The interesting bits:
- Double opt-in - every subscription requires email confirmation. No confirmed click, no emails. This is a GDPR requirement and also prevents abuse.
- Suppression list - a separate DynamoDB table tracks emails that must never be contacted again (bounces, complaints). The send Lambda checks suppression before every email. Records never expire.
- Bounce and complaint handling - SES publishes bounce and complaint notifications to SNS topics, which invoke the Lambda to automatically suppress the offending address. If someone marks us as spam, they are immediately and permanently removed. No manual intervention.
- Rate limiting - API Gateway throttles at 5 requests per second with a burst of 10. Enough for legitimate use, not enough for abuse.
- DynamoDB on-demand - pay-per-request billing. Zero cost when nobody is subscribing. Point-in-time recovery enabled for data protection.
- CORS locked down - the API only accepts requests from
kaizenconsultancy.io. No cross-origin abuse.
The newsletter send Lambda fetches the blog RSS feed, identifies new posts, scans the subscribers table, checks each address against the suppression list, and sends personalised emails with an unsubscribe link unique to each subscriber. One Lambda invocation, one DynamoDB scan, one SES call per subscriber.
Total additional infrastructure cost: effectively zero. DynamoDB on-demand with a handful of records costs nothing measurable. API Gateway’s free tier covers 1 million requests per month. The Lambda runs for a few seconds per newsletter send.
The subscribe form below this post is the proof. Try it - you will get a confirmation email within seconds, and every new blog post will land in your inbox. If you do not like it, the unsubscribe link is one click and permanent.
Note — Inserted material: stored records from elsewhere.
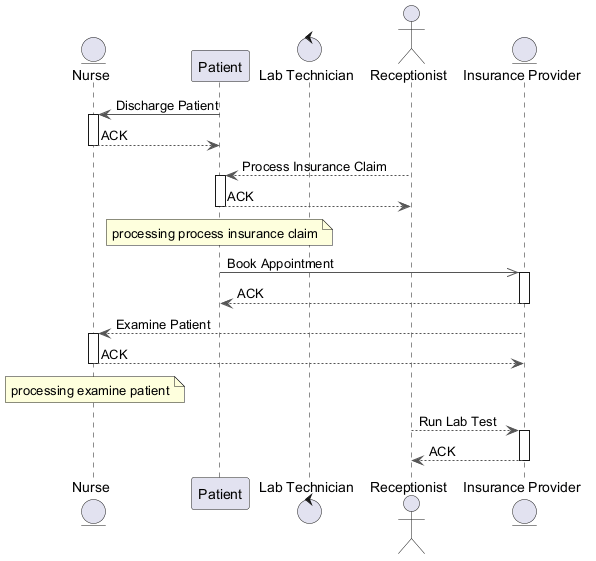

The diagram above was rendered by PlantUML. Its source (embedded in the PNG):
@startuml
skinparam ArrowColor #555555
entity "Nurse" as N
participant "Patient" as P
control "Lab Technician" as LT
actor "Receptionist" as R
entity "Insurance Provider" as IP
P -> N : Discharge Patient
activate N
N --> P : ACK
deactivate N
R --> P : Process Insurance Claim
activate P
P --> R : ACK
deactivate P
note over P : processing process insurance claim
P ->> IP : Book Appointment
activate IP
IP --> P : ACK
deactivate IP
IP --> N : Examine Patient
activate N
N --> IP : ACK
deactivate N
note over N : processing examine patient
R --> IP : Run Lab Test
activate IP
IP --> R : ACK
deactivate IP
@enduml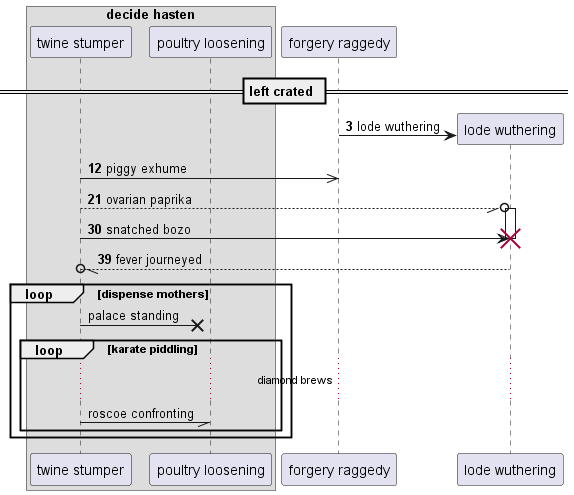

The diagram above was rendered by PlantUML. Its source (embedded in the PNG):
@startuml
box "decide hasten"
participant "twine stumper" as 0
participant "poultry loosening" as 1
end box
participant "forgery raggedy" as 2
== left crated ==
autonumber 3 9
create participant "lode wuthering" as 3
2 -> 3 : lode wuthering
0 ->> 2: piggy exhume
0 --//o 3++ : ovarian paprika
0 -> 3!! : snatched bozo
return fever journeyed
autonumber stop
loop dispense mothers
0 ->x 1: palace standing
loop karate piddling
...diamond brews...
0 -// 1: roscoe confronting
end
end
@enduml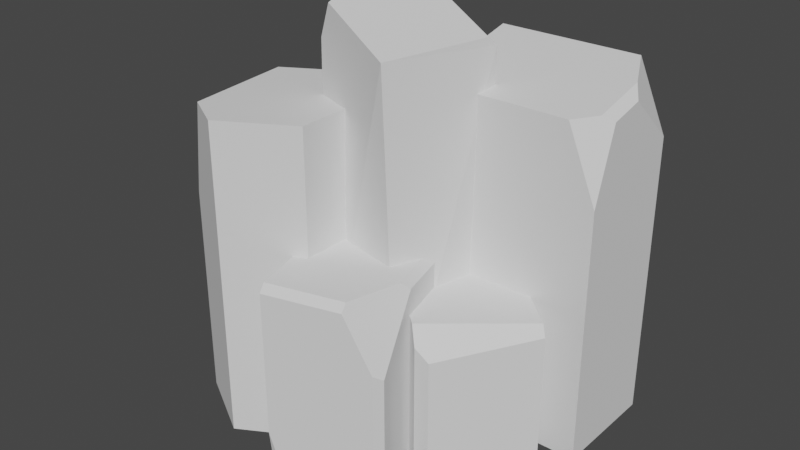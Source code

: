 # Source: Cliff_StoneWall.blend  (saved by Blender 2.93.21; exported with 4.5.12 LTS)
import bpy
from mathutils import Matrix  # noqa: F401  (used for matrix-valued properties, if any)

bpy.ops.wm.read_factory_settings(use_empty=True)
scene = bpy.context.scene
scene.name = 'Scene'

# ---- collections
col_collection = bpy.data.collections.new('Collection'); scene.collection.children.link(col_collection)

# ---- materials (node trees are filled in below, after node groups)
mat_material = bpy.data.materials.new('Material')
mat_material.use_transparent_shadow = False

# ---- material node trees
mat_material.use_nodes = True; mat_material.node_tree.nodes.clear()
_N = mat_material.node_tree.nodes; _L = mat_material.node_tree.links
n0 = _N.new('ShaderNodeBsdfPrincipled'); n0.name = 'Principled BSDF'; n0.location = (10, 300)
n0.distribution = 'GGX'
n0.subsurface_method = 'BURLEY'
n0.inputs[2].default_value = 1.0
n0.inputs[3].default_value = 1.45
n0.inputs[27].default_value = (0.0, 0.0, 0.0, 1.0)
n0.inputs[28].default_value = 1.0
n1 = _N.new('ShaderNodeOutputMaterial'); n1.name = 'Material Output'; n1.location = (300, 300)
_L.new(n0.outputs[0], n1.inputs[0])
n1.is_active_output = True

# ---- world
world_world = bpy.data.worlds.new('World'); scene.world = world_world
world_world.use_nodes = True; world_world.node_tree.nodes.clear()
_N = world_world.node_tree.nodes; _L = world_world.node_tree.links
n0 = _N.new('ShaderNodeOutputWorld'); n0.name = 'World Output'; n0.location = (300, 300)
n1 = _N.new('ShaderNodeBackground'); n1.name = 'Background'; n1.location = (10, 300)
n1.inputs[0].default_value = (0.05088, 0.05088, 0.05088, 1.0)
_L.new(n1.outputs[0], n0.inputs[0])
n0.is_active_output = True
world_world.color = (0.05088, 0.05088, 0.05088)
world_world.use_sun_shadow = False
world_world.sun_shadow_jitter_overblur = 0.0

# ---- meshes
me_cube_003 = bpy.data.meshes.new('Cube.003')
me_cube_003.from_pydata([(-1.0, -1.0, -1.0), (-1.0, -1.0, 4.911), (-1.0, 1.0, -1.0), (-1.0, 1.0, 5.377), (1.0, -1.0, -1.0), (1.0, 1.0, -1.0), (0.6613, 1.0, 5.377), (1.0, 1.0, 4.16), (1.0, -1.0, 3.601), (0.6532, -1.0, 4.911), (0.8831, 0.2935, 5.212), (1.0, 0.02755, 5.03), (1.0, -0.5969, 4.885), (0.8831, -0.7059, 4.979), (-2.285, -0.8869, -1.218), (-2.285, -0.8869, 4.598), (-1.466, -1.626, -1.218), (-1.466, -1.626, 4.598), (-1.464, -3.11, -1.218), (-1.464, -3.11, 4.598), (-2.28, -3.855, -1.218), (-2.28, -3.855, 4.598), (-3.099, -3.116, -1.218), (-3.101, -1.632, -1.218), (-1.777, -2.251, -1.23), (-1.777, -2.251, 2.335), (-1.441, -4.221, 2.202), (-1.463, -4.092, 2.335), (-0.2102, -3.564, -1.096), (-0.2701, -3.728, -1.23), (-0.5239, -1.724, -1.096), (-0.6059, -1.758, -1.23), (-0.6059, -1.758, 2.335), (-0.5239, -1.724, 2.202), (-2.739, -3.441, 4.598), (-3.099, -3.116, 2.738), (-3.101, -1.632, 3.303), (-2.881, -1.431, 4.598), (-0.4336, -2.769, 2.335), (-0.3709, -2.622, 2.202), (-0.2701, -3.728, 1.219), (-0.2102, -3.564, 1.105), (-0.5912, -3.725, 2.335), (-0.5744, -3.856, 2.202), (-1.46, -4.109, -1.23), (-1.291, -4.158, -1.23), (-1.441, -4.221, -0.4346), (-1.884, -2.048, -1.0), (-1.621, -0.09145, -1.0), (-0.639, -2.461, -1.0), (-0.7856, -2.538, 5.675), (-0.3763, -0.5045, -1.0), (-1.927, -1.894, 5.547), (-1.83, -1.465, 6.266), (-1.77, -1.971, 6.16), (-1.51, -0.16, 6.347), (-1.478, -0.01687, 6.195), (-0.3297, -0.6707, 5.63), (-0.3641, -0.8195, 5.782), (-0.9913, -1.783, -1.0), (-0.9913, -1.783, 1.745), (0.8049, -1.625, -1.0), (-0.1432, -0.292, -1.0), (-0.1432, -0.292, 1.745), (0.03812, -2.973, -1.0), (-0.134, -2.988, -1.0), (0.7336, -1.525, 1.745), (0.8049, -1.625, 1.572), (0.03812, -2.973, 1.271), (-0.134, -2.988, 1.46), (-0.2514, -2.823, 1.745)], [], [(0, 1, 3, 2), (6, 3, 1, 9, 13, 10), (2, 5, 4, 0), (2, 3, 6, 7, 5), (4, 8, 9, 1, 0), (12, 13, 9, 8), (10, 11, 7, 6), (10, 13, 12, 11), (5, 7, 11, 12, 8, 4), (14, 15, 17, 16), (16, 17, 19, 18), (18, 19, 21, 20), (36, 35, 34, 37), (14, 16, 18, 20, 22, 23), (24, 25, 32, 33, 30, 31), (46, 26, 27, 25, 24, 44), (42, 43, 40, 41, 39, 38), (29, 31, 30, 28), (40, 29, 28, 41), (42, 27, 26, 43), (23, 36, 37, 15, 14), (22, 35, 36, 23), (20, 21, 34, 35, 22), (17, 15, 37, 34, 21, 19), (45, 46, 44), (30, 33, 39, 41, 28), (32, 25, 27, 42, 38), (32, 38, 39, 33), (29, 40, 43, 26, 46, 45), (24, 31, 29, 45, 44), (58, 55, 53, 54, 50), (48, 51, 49, 47), (54, 53, 52), (51, 57, 58, 50, 49), (48, 56, 57, 51), (49, 50, 54, 52, 47), (55, 58, 57, 56), (47, 52, 53, 55, 56, 48), (59, 60, 63, 62), (66, 70, 69, 68, 67), (59, 62, 61, 64, 65), (65, 69, 70, 60, 59), (64, 68, 69, 65), (61, 67, 68, 64), (62, 63, 66, 67, 61), (63, 60, 70, 66)])
_uv = me_cube_003.uv_layers.new(name='UVMap')
_uv.uv.foreach_set('vector', [0.375, 0.0, 0.625, 0.0, 0.625, 0.25, 0.375, 0.25, 0.6673, 0.5, 0.875, 0.5, 0.875, 0.75, 0.6683, 0.75, 0.6396, 0.7132, 0.6396, 0.5883, 0.125, 0.5, 0.375, 0.5, 0.375, 0.75, 0.125, 0.75, 0.375, 0.25, 0.625, 0.25, 0.625, 0.4577, 0.5773, 0.5, 0.375, 0.5, 0.375, 0.75, 0.5696, 0.75, 0.625, 0.7933, 0.625, 1.0, 0.375, 1.0, 0.6199, 0.6996, 0.625, 0.7279, 0.625, 0.7933, 0.5696, 0.75, 0.625, 0.5737, 0.6203, 0.6216, 0.5773, 0.5, 0.625, 0.4577, 0.6396, 0.5883, 0.6396, 0.7132, 0.6199, 0.6996, 0.6203, 0.6216, 0.375, 0.5, 0.5773, 0.5, 0.6203, 0.6216, 0.6199, 0.6996, 0.5696, 0.75, 0.375, 0.75, 1.0, 0.5, 1.0, 1.0, 0.8333, 1.0, 0.8333, 0.5, 0.8333, 0.5, 0.8333, 1.0, 0.6667, 1.0, 0.6667, 0.5, 0.6667, 0.5, 0.6667, 1.0, 0.5, 1.0, 0.5, 0.5, 0.1667, 0.8886, 0.3333, 0.8401, 0.1334, 0.07729, 0.1217, 1.0, 0.75, 0.49, 0.9578, 0.37, 0.9578, 0.13, 0.75, 0.01, 0.5422, 0.13, 0.5422, 0.37, 0.375, 0.25, 0.625, 0.25, 0.625, 0.4837, 0.6156, 0.5, 0.3844, 0.5, 0.375, 0.4837, 0.4308, 0.0, 0.6156, 0.0, 0.625, 0.01635, 0.625, 0.25, 0.375, 0.25, 0.375, 0.01424, 0.625, 0.826, 0.6156, 0.8271, 0.5468, 0.7663, 0.5387, 0.7337, 0.6156, 0.614, 0.6413, 0.6283, 0.3587, 0.75, 0.3587, 0.5, 0.3844, 0.5, 0.3844, 0.7337, 0.5468, 0.7663, 0.375, 0.7663, 0.3844, 0.7337, 0.5387, 0.7337, 0.625, 0.826, 0.625, 1.0, 0.6156, 1.0, 0.6156, 0.8271, 0.1667, 0.5, 0.1667, 0.8886, 0.1217, 1.0, -8.941e-08, 1.0, -8.941e-08, 0.5, 0.3333, 0.5, 0.3333, 0.8401, 0.1667, 0.8886, 0.1667, 0.5, 0.5, 0.5, 0.5, 1.0, 0.4065, 1.0, 0.3333, 0.8401, 0.3333, 0.5, 0.4578, 0.37, 0.25, 0.49, 0.09824, 0.4024, 0.1334, 0.07729, 0.25, 0.01, 0.4578, 0.13, 0.1549, 0.75, 0.4308, 0.0, 0.125, 0.7358, 0.3844, 0.5, 0.6156, 0.5, 0.6156, 0.614, 0.5387, 0.7337, 0.3844, 0.7337, 0.6413, 0.5, 0.875, 0.5, 0.875, 0.7337, 0.701, 0.7337, 0.6413, 0.6283, 0.6413, 0.5, 0.6413, 0.6283, 0.6156, 0.614, 0.6156, 0.5, 0.375, 0.7663, 0.5468, 0.7663, 0.6156, 0.8271, 0.6156, 1.0, 0.4308, 1.0, 0.375, 0.9701, 0.125, 0.5, 0.3587, 0.5, 0.3587, 0.75, 0.1549, 0.75, 0.125, 0.7358, 0.625, 0.5194, 0.875, 0.5194, 0.875, 0.6946, 0.8397, 0.75, 0.625, 0.75, 0.125, 0.5, 0.375, 0.5, 0.375, 0.75, 0.125, 0.75, 0.625, 0.9647, 0.625, 0.05537, 0.6011, 1.0, 0.375, 0.5, 0.6191, 0.5, 0.625, 0.5194, 0.625, 0.75, 0.375, 0.75, 0.375, 0.25, 0.6195, 0.25, 0.6191, 0.5, 0.375, 0.5, 0.375, 0.75, 0.625, 0.75, 0.625, 0.9647, 0.6011, 1.0, 0.375, 1.0, 0.625, 0.25, 0.625, 0.5, 0.6191, 0.5, 0.6195, 0.25, 0.375, 0.0, 0.6011, 0.0, 0.625, 0.05537, 0.625, 0.2306, 0.6195, 0.25, 0.375, 0.25, 0.375, 0.25, 0.625, 0.25, 0.625, 0.5, 0.375, 0.5, 0.625, 0.7312, 0.625, 0.05491, 0.599, 0.02395, 0.5818, 0.976, 0.6092, 0.75, 0.125, 0.5, 0.375, 0.5, 0.375, 0.75, 0.149, 0.75, 0.125, 0.726, 0.375, 0.02395, 0.599, 0.02395, 0.625, 0.05491, 0.625, 0.25, 0.375, 0.25, 0.375, 0.0, 0.5818, 0.0, 0.599, 0.02395, 0.375, 0.02395, 0.375, 0.75, 0.6092, 0.75, 0.5818, 0.976, 0.375, 0.976, 0.375, 0.5, 0.625, 0.5, 0.625, 0.7312, 0.6092, 0.75, 0.375, 0.75, 0.625, 0.5, 0.875, 0.5, 0.875, 0.6951, 0.625, 0.7312])
me_cube_003.materials.append(mat_material)
me_cube_003.use_remesh_fix_poles = True
me_cube_003.use_remesh_preserve_attributes = False
me_cube_003.update()

# ---- objects
ob_cube_002 = bpy.data.objects.new('Cube.002', me_cube_003)

# ---- transforms, parenting, visibility, modifiers, constraints
ob_cube_002.location = (-4.818, 1.719, 0.7866)
ob_cube_002.rotation_euler = (0.0, -0.0, -0.002305)
ob_cube_002.scale = (1.144, 0.7277, 0.7277)

# ---- collection membership
col_collection.objects.link(ob_cube_002)

# ---- scene / render settings (as saved in the file)
scene.frame_start = 1; scene.frame_end = 250; scene.frame_set(1)
scene.render.engine = 'BLENDER_EEVEE_NEXT'
scene.cycles.use_denoising = False
scene.cycles.samples = 128
scene.cycles.sampling_pattern = 'TABULATED_SOBOL'
scene.cycles.use_adaptive_sampling = False
scene.cycles.use_light_tree = False
scene.view_settings.view_transform = 'Filmic'
bpy.context.view_layer.update()

# ---- added for rendering (the .blend has no active camera and no usable light): camera, sun
cam_auto = bpy.data.cameras.new('AutoCamera')
cam_auto.lens = 50.0
cam_auto.sensor_width = 36.0
cam_auto.clip_end = 1000.0
ob_auto_camera = bpy.data.objects.new('AutoCamera', cam_auto)
scene.collection.objects.link(ob_auto_camera)
ob_auto_camera.location = (1.55062, -8.53797, 8.70723)
ob_auto_camera.rotation_euler = (1.09748, -7.21219e-08, 0.694738)
scene.camera = ob_auto_camera
light_auto_sun = bpy.data.lights.new('AutoSun', 'SUN')
light_auto_sun.energy = 3.0
light_auto_sun.angle = 0.0523599
ob_auto_sun = bpy.data.objects.new('AutoSun', light_auto_sun)
scene.collection.objects.link(ob_auto_sun)
ob_auto_sun.rotation_euler = (0.872665, 0.174533, 0.523599)
bpy.context.view_layer.update()

We built the marketplace delivery pipeline, the mailing list, and the blog on the same principles: event-driven, serverless, Terraform-managed, and priced per-request. The total infrastructure cost for all of it - marketplace, mailing list, blog, and the main website - is under $2 per month.
Two pounds. For everything.
Dysfunctional lazy engineering. We will keep saying it until it stops being true.